▶ [Your objective]
When a line in the records contains the string "mode", copy that line.

▶ [Data for processing]
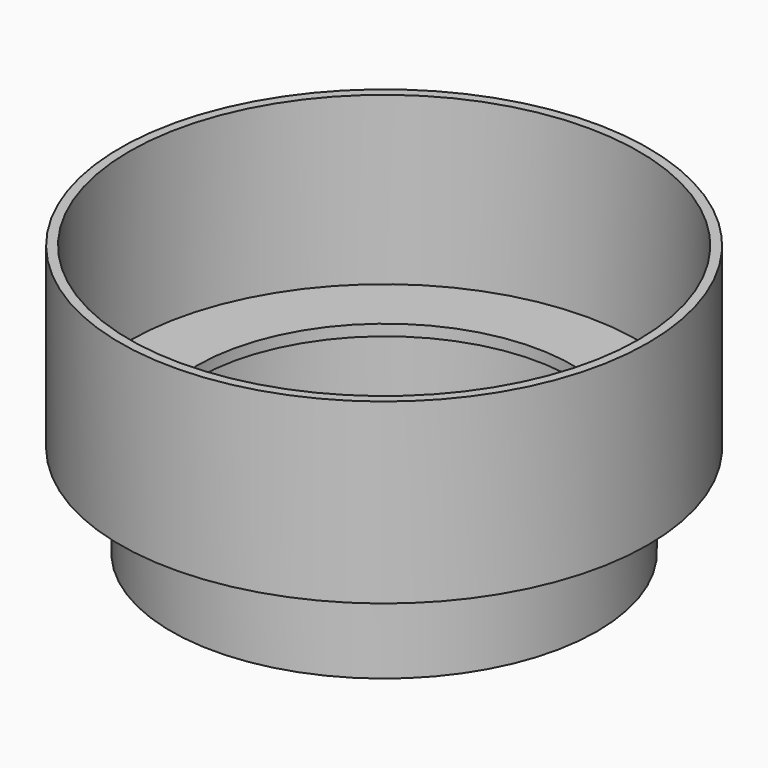
from build123d import *

# Parameters (mm, degrees)
F0_R     = 57.5
F0_R_2   = 55.5
F1_DEPTH = 25
F2_R     = 57.5
F2_R_2   = 55.5
F2_R_3   = 50.75
F3_DEPTH = 3
F2_R_4   = 71.25
F4_DEPTH = 3
F5_R     = 71.25
F5_R_2   = 68.75
F6_DEPTH = 45


with BuildPart() as f1:
    # F0 (on Top) → F1 (new body)
    with BuildSketch(Plane.XY):
        Circle(F0_R)
        Circle(F0_R_2, mode=Mode.SUBTRACT)
    extrude(amount=F1_DEPTH)

    # F2 (on face) → F3 (join)
    with BuildSketch(Plane.XY.offset(25)):
        Circle(F2_R)
        Circle(F2_R_2, mode=Mode.SUBTRACT)
        Circle(F2_R_2)
        with Locations((0.2079256644, 0.1388053244)):
            Circle(F2_R_3, mode=Mode.SUBTRACT)
    extrude(amount=F3_DEPTH)

    # F2 (on face) → F4 (join)
    with BuildSketch(Plane.XY.offset(25)):
        Circle(F2_R_4)
        Circle(F2_R, mode=Mode.SUBTRACT)
    extrude(amount=F4_DEPTH)

    # F5 (on face) → F6 (join)
    with BuildSketch(Plane.XY.offset(28)):
        Circle(F5_R)
        Circle(F5_R_2, mode=Mode.SUBTRACT)
    extrude(amount=F6_DEPTH)


solid = f1.part

▶ [Exercise solution]
        Circle(F0_R_2, mode=Mode.SUBTRACT)
        Circle(F2_R_2, mode=Mode.SUBTRACT)
            Circle(F2_R_3, mode=Mode.SUBTRACT)
        Circle(F2_R, mode=Mode.SUBTRACT)
        Circle(F5_R_2, mode=Mode.SUBTRACT)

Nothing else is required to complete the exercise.